Work down in steps and check after each one rather than guessing a single setting. Start by compressing at a moderate level and look at the resulting size; if it is still over your target, increase the compression strength (lowering the DPI further) and try again. Because the images dominate the file, each step down in resolution produces a large drop in size, so you usually reach a target like 5 MB or 10 MB within one or two attempts. Always compress from the original scan each time rather than re-compressing an already-compressed file, which degrades quality faster without saving proportionally more space. Once the file is under your limit, open it and confirm the smallest text is still legible. This step-and-check method reliably hits a target without over-degrading the document.
A good compressor preserves the text layer; it only re-compresses the page images. If you have already run OCR to make the scan searchable, that text layer is stored separately from the page pictures, so reducing the image resolution shrinks the file without deleting the recognized text. You can compress an OCR'd scan and still search and select its text afterward. The order is worth getting right, though: if a document needs both OCR and compression, OCR it first and then compress, so the recognition runs on the full-resolution images for best accuracy and the compression simply slims the result. If you compress very aggressively first and then OCR, the degraded images can lower recognition accuracy.

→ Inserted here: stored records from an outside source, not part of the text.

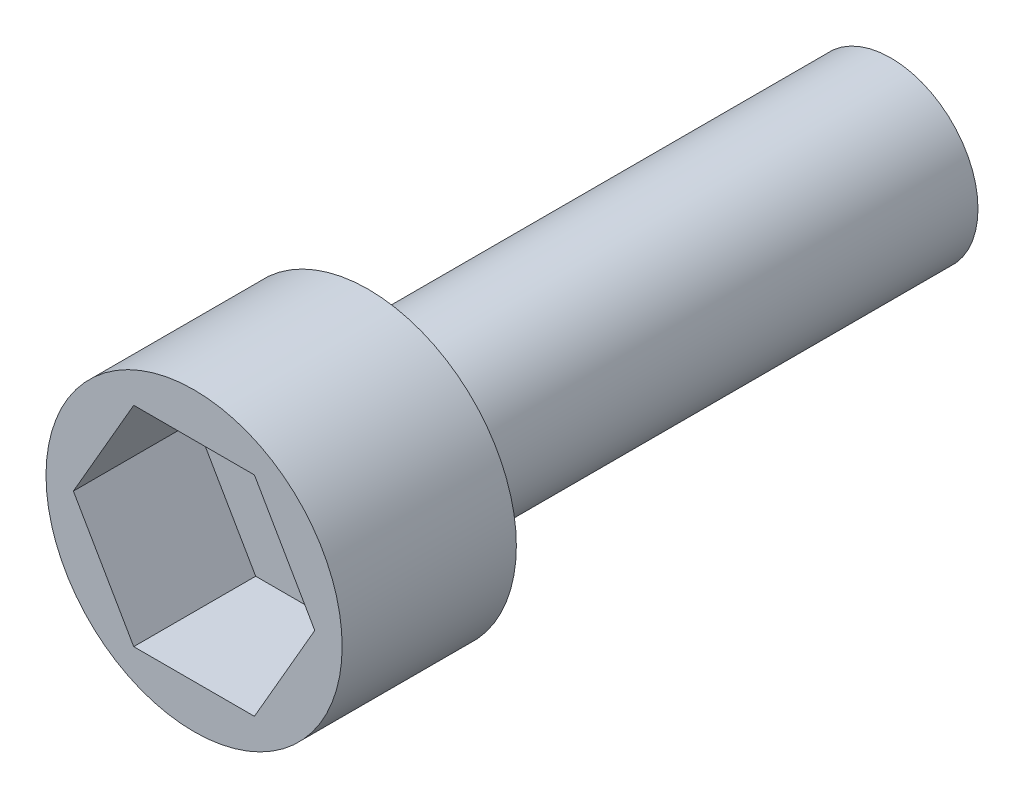
from build123d import *

# Parameters (mm, degrees)
ESQUISSE1_R             = 2.5
BOSS_EXTRU_1_DEPTH      = 15
ESQUISSE2_R             = 4.25
BOSS_EXTRU_2_DEPTH      = 5
ENL_V_MAT_EXTRU_1_DEPTH = 3.5


with BuildPart() as part:
    # Esquisse1 → Boss.-Extru.1 (new body)
    with BuildSketch(Plane.XY):
        Circle(ESQUISSE1_R)
    extrude(amount=BOSS_EXTRU_1_DEPTH)

    # Esquisse2 → Boss.-Extru.2 (add)
    with BuildSketch(Plane.XY.offset(15)):
        Circle(ESQUISSE2_R)
    extrude(amount=BOSS_EXTRU_2_DEPTH)

    # Esquisse3 → Enlèv. mat.-Extru.1 (cut)
    with BuildSketch(Plane.XY.offset(20)):
        Polygon((3.464101615, 0), (1.732050808, 3), (-1.732050808, 3), (-3.464101615, 0), (-1.732050808, -3), (1.732050808, -3), align=None)
    extrude(amount=-ENL_V_MAT_EXTRU_1_DEPTH, mode=Mode.SUBTRACT)


solid = part.part

Only if the tool processes the file on your own device. Many online compressors upload your PDF to a server, shrink it there, and send it back, which means a copy of whatever you scanned sits on someone else's infrastructure. Scanned documents are frequently the most sensitive paperwork you own — contracts, tax forms, medical records, IDs — so that upload is a real privacy concern. A browser-based compressor avoids it entirely: the downsampling and re-encoding happen in JavaScript and WebAssembly on your machine, and the file never travels over the network. Because scans are exactly the kind of personal and official records you would not want exposed, in-browser compression lets you shrink a scanned contract or a scanned ID for email or upload without ever handing the original to a third party.